ADHD and Insecure Attachment

As we discussed in our previous article “What Is ADHD? How Does It Relate to Attachment?,” there is a strong association between ADHD and insecure attachment. Essentially, the presence of one condition increases the likelihood of developing the other, as well as how people cope with the symptoms of both. 

However, no two people with ADHD or an insecure attachment are the same. On the one hand, they may share similar struggles from time to time. On the other hand, they may also have incredibly individualized issues depending on their personal circumstances and particular attachment style. Therefore, it’s important to take a selective approach to guidance or behavioral strategies designed to alleviate ADHD or attachment issues. 

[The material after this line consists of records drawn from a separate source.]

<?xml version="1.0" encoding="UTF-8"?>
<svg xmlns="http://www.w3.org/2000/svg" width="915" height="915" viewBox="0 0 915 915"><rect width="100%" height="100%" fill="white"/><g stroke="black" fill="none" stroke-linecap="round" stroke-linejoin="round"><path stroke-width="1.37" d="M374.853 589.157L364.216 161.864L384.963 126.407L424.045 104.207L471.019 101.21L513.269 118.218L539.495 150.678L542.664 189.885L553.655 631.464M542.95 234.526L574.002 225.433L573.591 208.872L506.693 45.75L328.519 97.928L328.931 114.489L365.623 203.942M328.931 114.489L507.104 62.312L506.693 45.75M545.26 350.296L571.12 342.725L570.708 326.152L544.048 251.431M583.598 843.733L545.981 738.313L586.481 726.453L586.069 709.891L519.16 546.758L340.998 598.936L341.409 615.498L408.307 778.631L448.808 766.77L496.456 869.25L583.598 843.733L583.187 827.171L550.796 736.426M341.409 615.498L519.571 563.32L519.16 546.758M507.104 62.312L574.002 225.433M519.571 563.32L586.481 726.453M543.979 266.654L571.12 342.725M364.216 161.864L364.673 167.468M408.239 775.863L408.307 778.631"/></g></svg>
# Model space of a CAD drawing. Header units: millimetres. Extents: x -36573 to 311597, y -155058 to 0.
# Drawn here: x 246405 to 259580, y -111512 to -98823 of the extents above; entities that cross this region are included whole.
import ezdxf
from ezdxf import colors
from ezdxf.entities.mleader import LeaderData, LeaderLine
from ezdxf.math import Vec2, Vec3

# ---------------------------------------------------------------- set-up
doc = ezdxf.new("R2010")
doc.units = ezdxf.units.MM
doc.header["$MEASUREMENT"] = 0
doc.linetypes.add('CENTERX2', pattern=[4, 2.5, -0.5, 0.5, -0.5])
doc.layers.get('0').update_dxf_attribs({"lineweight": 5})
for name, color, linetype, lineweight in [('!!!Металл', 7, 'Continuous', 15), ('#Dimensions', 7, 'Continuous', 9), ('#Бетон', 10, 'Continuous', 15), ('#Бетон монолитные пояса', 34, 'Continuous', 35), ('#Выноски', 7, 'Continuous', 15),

Moreover – if you’re struggling with coping with ADHD symptoms and an insecure attachment style, then it’s essential that you consult your health care professional for guidance on therapy, medication, or a possible combination approach. 

Still, there are a number of ADHD tips for adults that you can implement in your day-to-day life to help you manage your traits.

The following strategies were designed to help someone with adult ADHD and insecure attachment manage their moods, strong emotions, inattentiveness, and organizational difficulties. They have been broken down into sections:

  • Education tips
  • Organization strategies
  • And how to manage moods and emotions
Tips for managing ADHD for Insecure attachers

Tips for Understanding Your ADHD 

The origins of ADHD aren’t entirely clear. Yet, it is believed to be a developmental neurological condition that is impacted/influenced by childhood environmental conditions. Understanding and educating yourself on the conditions of both ADHD and insecure attachment may help you to take a kinder stance towards what you may have perceived as your inadequacies in the past. Your difficulties are not a character flaw. 

The following tips for ADHD may help you to understand your struggles:

#1. Don’t Self-Diagnose

First and foremost, it’s important not to self-diagnose. If you suspect that you have ADHD or an insecure attachment disorder, then see a health care professional for confirmation. The most powerful treatment for both ADHD and insecure attachment is to understand how they affect your thoughts and actions.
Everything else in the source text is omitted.